Yay, Lushie! Congratulations!


----------



## Ljilly28 (Jan 22, 2008)

Trying to cash ribbons in for cookies


----------



## Ljilly28 (Jan 22, 2008)

Young handler Sarah Crepeau did a wonderful job with Lushie:


----------



## Ljilly28 (Jan 22, 2008)

After the show, before driving home to Maine, we went for a hike with the WB from the day before and my other 3 goldens:


----------



## Rainheart (Nov 28, 2010)

Wonderful news, congratulations!!


----------



## hotel4dogs (Sep 29, 2008)

yay! congratulations! how many points was it worth?


----------



## Sally's Mom (Sep 20, 2010)

Congratulations, I saw the results on infodog. Let me say that for me this weekend, three of the four dogs were easy breezy. My boy, Marty IS a handful.


----------



## Lucky Penny (Nov 13, 2011)

Congrats! Way to go Lushie!


----------



## hvgoldens4 (Nov 25, 2009)

Congrats to Jill and to Lushie Plushie  All of us at Harborview couldn't be more proud!!!!


----------



## Ljilly28 (Jan 22, 2008)

I think the catalog is marked wrong, and that Lushie went BOW instead of the boy! I have the ribbon, she took the photo, and everyone congratulated me for it, lol. Should I do something about that?


----------



## Ljilly28 (Jan 22, 2008)

I talked to handler Sarah, and she emailed them. They did make a mistake.


----------



## OnMyWay2MyDreams (Feb 13, 2011)

Congrats! Lushie is absolutely stunning! Hope you get many more!


----------



## hvgoldens4 (Nov 25, 2009)

The online results the day of the show will often have a mistake for BOW, etc in them. They go thru again and make sure the results are correct when they add the number of dogs dfeated if there was a group placement for BOB and when the points are added next to the win.

What the online catalog says is not what is important. It matters what the judges book says. In this case, BOW didn't mean a difference in the number of points awarded but sometimes it does.

This is why you ALWAYS want a picture of the win with the ribbons. This way, you can prove to the AKC what awards were won "IF" there is a mistake in the judges book.


----------



## Kmullen (Feb 17, 2010)

Congrats Jill! She looks great!


----------



## Elisabeth Kazup (Aug 23, 2008)

Congratulations! I don't have much knowledge about dog titles. What do the initials mean?


----------



## HiTideGoldens (Dec 29, 2009)

I've had mistakes happen 3 times with Jack's points. Every time I had the win photo to show proof of the win and the situation was resolved. I have heard of 2 different stories where people didn't take a win photo and the AKC wouldn't correct the results. I will always take a picture!!! 

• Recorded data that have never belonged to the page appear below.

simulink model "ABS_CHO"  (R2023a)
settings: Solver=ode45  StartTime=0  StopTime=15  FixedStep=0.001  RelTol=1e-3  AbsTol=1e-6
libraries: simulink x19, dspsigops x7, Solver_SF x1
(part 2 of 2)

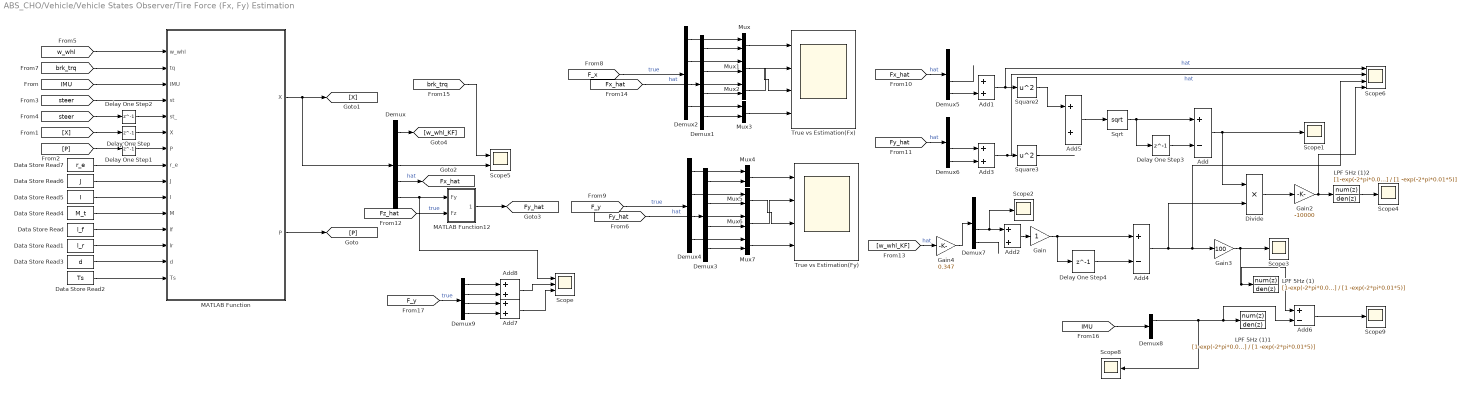
== system ABS_CHO/Vehicle/Vehicle States Observer/Tire Force (Fx, Fy) Estimation ==
  Add : Sum  Inputs=+-
  Add{1..3,5,7..8} (6 alike) : Sum
  Add4 : Sum  Inputs=+-
  Add6 : Sum  Inputs=+-
  Data Store Read : DataStoreRead  DataStoreName=l_f  IndexOptions=Index vector (dialog)  Indices=1  OutputSizes=1
  Data Store Read1 : DataStoreRead  DataStoreName=l_r  IndexOptions=Index vector (dialog)  Indices=1  OutputSizes=1
  Data Store Read2 : DataStoreRead  DataStoreName=Ts  IndexOptions=Index vector (dialog)  Indices=1  OutputSizes=1
  Data Store Read3 : DataStoreRead  DataStoreName=d  IndexOptions=Index vector (dialog)  Indices=1  OutputSizes=1
  Data Store Read4 : DataStoreRead  DataStoreName=M_t  IndexOptions=Index vector (dialog)  Indices=1  OutputSizes=1
  Data Store Read5 : DataStoreRead  DataStoreName=I  IndexOptions=Index vector (dialog)  Indices=1  OutputSizes=1
  Data Store Read6 : DataStoreRead  DataStoreName=J  IndexOptions=Index vector (dialog)  Indices=1  OutputSizes=1
  Data Store Read7 : DataStoreRead  DataStoreName=r_e  IndexOptions=Index vector (dialog)  Indices=1  OutputSizes=1
  Delay One Step : Delay  DelayLength=1  InitialCondition=[80 80 80 80 0 0 0 0 0 0 0 0]'  SampleTime=0.01
  Delay One Step1 : Delay  DelayLength=1  InitialCondition=diag([80 80 80 80 0 0 0 0 0 0 0 0])  SampleTime=0.01
  Delay One Step2 : Delay  DelayLength=1  InitialCondition=[0 0 0 0]'  SampleTime=0.01
  Delay One Step3 : Delay  DelayLength=1
  Delay One Step4 : Delay  DelayLength=1  InitialCondition=27.78
  Demux : Demux  Outputs=[4 1 1 4 2]
  Demux{1..7,9} (8 alike) : Demux
  Demux8 : Demux  Outputs=3
  Divide : Product  Inputs=**
  Gain : Gain
  Gain2 : Gain  Gain=-10000
  Gain3 : Gain  Gain=100
  Gain4 : Gain  Gain=0.347
  LPF 5Hz (1) : DiscreteFilter  Numerator=[1-exp(-2*pi*0.01*5)]  Denominator=[1 -exp(-2*pi*0.01*5)]  SampleTime=0.01
  LPF 5Hz (1)1 : DiscreteFilter  Numerator=[1-exp(-2*pi*0.01*5)]  Denominator=[1 -exp(-2*pi*0.01*5)]  SampleTime=0.01
  LPF 5Hz (1)2 : DiscreteFilter  Numerator=[1-exp(-2*pi*0.01*5)]  Denominator=[1 -exp(-2*pi*0.01*5)]  SampleTime=0.01
  MATLAB Function : MATLAB Function  TreatAsAtomicUnit=on
  MATLAB Function12 : MATLAB Function  TreatAsAtomicUnit=on
  Mux{,1..7} (8 alike) : Mux  Inputs=2
  Scope : Scope  NumInputPorts=3
  Scope{1..4,8..9} (6 alike) : Scope
  Scope5 : Scope  NumInputPorts=2
  Scope6 : Scope  NumInputPorts=4
  Sqrt : Sqrt
  Square2 : Math  Operator=square
  Square3 : Math  Operator=square
  True vs Estimation(Fx) : Scope  NumInputPorts=4
  True vs Estimation(Fy) : Scope  NumInputPorts=4
  tag scope: Fx_hat=global, Fy_hat=global
  wires:
  Data Store Read/1 -> MATLAB Function/12(lf)
  Data Store Read1/1 -> MATLAB Function/13(lr)
  Data Store Read2/1 -> MATLAB Function/15(Ts)
  Data Store Read3/1 -> MATLAB Function/14(d)
  Data Store Read4/1 -> MATLAB Function/11(M)
  Data Store Read5/1 -> MATLAB Function/10(I)
  Data Store Read6/1 -> MATLAB Function/9(J)
  Data Store Read7/1 -> MATLAB Function/8(r_e)
  MATLAB Function/2(P) -> [P]
  MATLAB Function/1(X) -> Demux/1, [X]
  [X] -> Delay One Step/1
  Delay One Step/1 -> MATLAB Function/6("X ")
  [P] -> Delay One Step1/1
  Delay One Step1/1 -> MATLAB Function/7("P ")
  [steer] -> MATLAB Function/4(st)
  [steer] -> Delay One Step2/1
  Delay One Step2/1 -> MATLAB Function/5(st_)
  [w_whl] -> MATLAB Function/1(w_whl)
  Mux2/1 -> True vs Estimation(Fx)/2
  Mux3/1 -> True vs Estimation(Fx)/4
  Demux1/3 -> Mux2/2
  Mux/1 -> True vs Estimation(Fx)/1
  [Fx_hat] -> Demux1/1  "hat"
  Demux1/4 -> Mux3/2
  Demux2/4 -> Mux3/1
  Demux1/2 -> Mux1/2
  Demux1/1 -> Mux/2
  Demux2/1 -> Mux/1
  Demux2/3 -> Mux2/1
  Mux1/1 -> True vs Estimation(Fx)/3
  Demux2/2 -> Mux1/1
  [F_x] -> Demux2/1  "true"
  [IMU] -> MATLAB Function/3(IMU)
  [brk_trq] -> MATLAB Function/2(tq)
  [Fz_hat] -> MATLAB Function12/2(Fz)  "true"
  Demux/4 -> [Fx_hat]  "hat"
  Demux/5 -> Scope/1, MATLAB Function12/1(Fy)
  MATLAB Function12/1(Fyhat) -> [Fy_hat]
  Demux4/1 -> Mux4/1
  Demux4/2 -> Mux5/1
  Demux3/4 -> Mux7/2
  Demux3/2 -> Mux5/2
  Demux3/1 -> Mux4/2
  Demux4/3 -> Mux6/1
  Demux4/4 -> Mux7/1
  Mux7/1 -> True vs Estimation(Fy)/4
  Mux6/1 -> True vs Estimation(Fy)/2
  Demux3/3 -> Mux6/2
  [F_y] -> Demux4/1  "true"
  Mux5/1 -> True vs Estimation(Fy)/3
  Mux4/1 -> True vs Estimation(Fy)/1
  [Fy_hat] -> Demux3/1  "hat"
  [Fx_hat] -> Demux5/1  "hat"
  Add1/1 -> Scope6/1, Square2/1  "hat"
  Demux5/3 -> ?
  Demux5/4 -> Add1/2
  Demux6/3 -> Add3/1
  [Fy_hat] -> Demux6/1  "hat"
  Add3/1 -> Scope6/2, Square3/1  "hat"
  Demux6/4 -> Add3/2
  Square2/1 -> Add5/1
  Square3/1 -> ?
  Delay One Step3/1 -> Add/2
  Add/1 -> Divide/1, Scope1/1
  Add5/1 -> Sqrt/1
  Sqrt/1 -> Delay One Step3/1, Add/1
  [w_whl_KF] -> Gain4/1  "hat"
  Demux7/3 -> Scope2/1, Add2/1
  Demux7/4 -> ?
  Add2/1 -> Gain/1
  Gain/1 -> Delay One Step4/1, Add4/1
  Delay One Step4/1 -> Add4/2
  Add4/1 -> Divide/2, Gain3/1, Scope6/3
  Divide/1 -> Gain2/1
  Demux/3 -> Scope5/2
  [brk_trq] -> Scope5/1
  Gain3/1 -> Add6/1, LPF 5Hz (1)/1, Scope3/1
  Demux/1 -> [w_whl_KF]
  [IMU] -> Demux8/1
  Demux8/1 -> Scope8/1, Add6/2, LPF 5Hz (1)1/1
  Add6/1 -> Scope9/1
  Gain2/1 -> LPF 5Hz (1)2/1, Scope6/4
  LPF 5Hz (1)2/1 -> Scope4/1
  Gain4/1 -> Demux7/1
  [F_y] -> Demux9/1  "true"
  Demux9/4 -> Add7/2
  Demux9/3 -> Add7/1
  Demux9/1 -> Add8/1
  Demux9/2 -> Add8/2
  Add8/1 -> Scope/2
  Add7/1 -> Scope/3

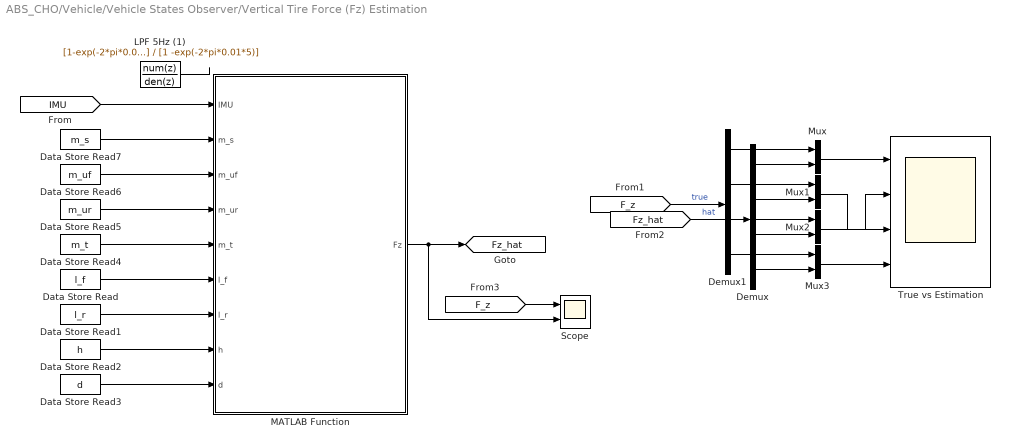
== system ABS_CHO/Vehicle/Vehicle States Observer/Vertical Tire Force (Fz) Estimation ==
  Data Store Read : DataStoreRead  DataStoreName=l_f  IndexOptions=Index vector (dialog)  Indices=1  OutputSizes=1
  Data Store Read1 : DataStoreRead  DataStoreName=l_r  IndexOptions=Index vector (dialog)  Indices=1  OutputSizes=1
  Data Store Read2 : DataStoreRead  DataStoreName=h  IndexOptions=Index vector (dialog)  Indices=1  OutputSizes=1
  Data Store Read3 : DataStoreRead  DataStoreName=d  IndexOptions=Index vector (dialog)  Indices=1  OutputSizes=1
  Data Store Read4 : DataStoreRead  DataStoreName=m_t  IndexOptions=Index vector (dialog)  Indices=1  OutputSizes=1
  Data Store Read5 : DataStoreRead  DataStoreName=m_ur  IndexOptions=Index vector (dialog)  Indices=1  OutputSizes=1
  Data Store Read6 : DataStoreRead  DataStoreName=m_uf  IndexOptions=Index vector (dialog)  Indices=1  OutputSizes=1
  Data Store Read7 : DataStoreRead  DataStoreName=m_s  IndexOptions=Index vector (dialog)  Indices=1  OutputSizes=1
  Demux : Demux
  Demux1 : Demux
  LPF 5Hz (1) : DiscreteFilter  Numerator=[1-exp(-2*pi*0.01*5)]  Denominator=[1 -exp(-2*pi*0.01*5)]  SampleTime=0.01
  MATLAB Function : MATLAB Function  TreatAsAtomicUnit=on
  Mux{,1..3} (4 alike) : Mux  Inputs=2
  Scope : Scope  NumInputPorts=2
  True vs Estimation : Scope  NumInputPorts=4
  tag scope: Fz_hat=global
  wires:
  Data Store Read/1 -> MATLAB Function/6(l_f)
  Data Store Read1/1 -> MATLAB Function/7(l_r)
  Data Store Read2/1 -> MATLAB Function/8(h)
  Data Store Read3/1 -> MATLAB Function/9(d)
  Data Store Read4/1 -> MATLAB Function/5(m_t)
  Data Store Read5/1 -> MATLAB Function/4(m_ur)
  Data Store Read6/1 -> MATLAB Function/3(m_uf)
  Data Store Read7/1 -> MATLAB Function/2(m_s)
  [IMU] -> MATLAB Function/1(IMU)
  MATLAB Function/1(Fz) -> Scope/2, [Fz_hat]
  [F_z] -> Scope/1
  [Fz_hat] -> Demux/1  "hat"
  [F_z] -> Demux1/1  "true"
  Demux1/1 -> Mux/1
  Demux/1 -> Mux/2
  Demux1/2 -> Mux1/1
  Demux/2 -> Mux1/2
  Demux1/3 -> Mux2/1
  Demux/3 -> Mux2/2
  Demux1/4 -> Mux3/1
  Demux/4 -> Mux3/2
  Mux/1 -> True vs Estimation/1
  Mux1/1 -> True vs Estimation/3
  Mux3/1 -> True vs Estimation/4
  Mux2/1 -> True vs Estimation/2
  LPF 5Hz (1)/1 -> ?

== stateflow chart ABS_CHO/ABS_FR/Chart ==
  state ABS_On
    state Phase1
      entry,during:
      phase = 1;
    state Phase2
      entry,during:
      phase = 2;
    state Phase3
      entry,during:
      phase = 3;
    state Phase4
      entry,during:
      phase = 4;
    state Phase5
      entry,during:
      phase = 5;
    state Phase6
      entry,during:
      phase = 6;
    state Phase7
      entry,during:
      phase = 7;
    state Phase8
      entry,during:
      phase = 8;
    (default) -> Phase1
    Phase1 -> Phase2 : [(a_whl<a_whl_thrs1)]
    Phase2 -> Phase3 : [(v_whl<v_whl_thrs)]
    Phase3 -> Phase4 : [(a_whl>a_whl_thrs1)]
    (junction 81) -> Phase4
    (junction 79) -> (junction 81)
    Phase4 -> Phase5 : [(a_whl>a_whl_thrs2)]
    Phase5 -> Phase6 : [(a_whl<a_whl_thrs2)]
    Phase6 -> Phase7 : [(a_whl<a_whl_thrs3)]
    Phase7 -> Phase8 : [(a_whl<a_whl_thrs1)]
    Phase8 -> (junction 79) : [(a_whl>a_whl_thrs1)]
  state ABS_Off
    phase = 0;
  (default) -> ABS_Off
  ABS_Off -> ABS_On : [(P_cmd > P_cmd_min)&(v_car > 2)]
  (junction 96) -> ABS_Off
  ABS_On -> (junction 96) : [(P_cmd < P_cmd_min)|(v_car < 2)]
  data: a_whl input; phase output; v_whl input; v_car input; P_cmd input; P_cmd_min input; a_whl_thrs1 input; a_whl_thrs2 input; a_whl_thrs3 input; v_whl_thrs input

== stateflow chart ABS_CHO/ABS_FL/Chart ==
  state ABS_On
    state Phase1
      entry,during:
      phase = 1;
    state Phase2
      entry,during:
      phase = 2;
    state Phase3
      entry,during:
      phase = 3;
    state Phase4
      entry,during:
      phase = 4;
    state Phase5
      entry,during:
      phase = 5;
    state Phase6
      entry,during:
      phase = 6;
    state Phase7
      entry,during:
      phase = 7;
    state Phase8
      entry,during:
      phase = 8;
    (default) -> Phase1
    Phase1 -> Phase2 : [(a_whl<a_whl_thrs1)]
    Phase2 -> Phase3 : [(v_whl<v_whl_thrs)]
    Phase3 -> Phase4 : [(a_whl>a_whl_thrs1)]
    (junction 81) -> Phase4
    (junction 79) -> (junction 81)
    Phase4 -> Phase5 : [(a_whl>a_whl_thrs2)]
    Phase5 -> Phase6 : [(a_whl<a_whl_thrs2)]
    Phase6 -> Phase7 : [(a_whl<a_whl_thrs3)]
    Phase7 -> Phase8 : [(a_whl<a_whl_thrs1)]
    Phase8 -> (junction 79) : [(a_whl>a_whl_thrs1)]
  state ABS_Off
    phase = 0;
  (default) -> ABS_Off
  ABS_Off -> ABS_On : [(P_cmd > P_cmd_min)&(v_car > 2)]
  (junction 96) -> ABS_Off
  ABS_On -> (junction 96) : [(P_cmd < P_cmd_min)|(v_car < 2)]
  data: a_whl input; phase output; v_whl input; v_car input; P_cmd input; P_cmd_min input; a_whl_thrs1 input; a_whl_thrs2 input; a_whl_thrs3 input; v_whl_thrs input

== stateflow chart ABS_CHO/ABS_RR/Chart ==
  state ABS_On
    state Phase1
      entry,during:
      phase = 1;
    state Phase2
      entry,during:
      phase = 2;
    state Phase3
      entry,during:
      phase = 3;
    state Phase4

And Penny's Mom, BOW isn't a title. WD/WB/BOW/BOS/BOB - none of them are titles. It means that day Lush was Best of Winners, i.e. between the Winners Dog and Lush, the judge thought Lush was the better of the two in the ring that day. But it's not something that would go after her name as a title.


----------



## Elisabeth Kazup (Aug 23, 2008)

I kind of knew that, just didn't say it right. I've heard of Best of Show and Best of Breed but not the others. Thanks!


----------



## vcm5 (Apr 20, 2011)

Congratulations! Wonderful pictures!


----------



## JDandBigAm (Aug 25, 2008)

What great news! You are a lucky girl to be surrounded by beautiful Goldens. I'll bet Lushie loved the romp with her brothers more than the show. She is gorgeous.


----------



## Ljilly28 (Jan 22, 2008)

Thanks everyone! She is still so young, so I am very pleased. On to judge Sandy Gunn, lol.


----------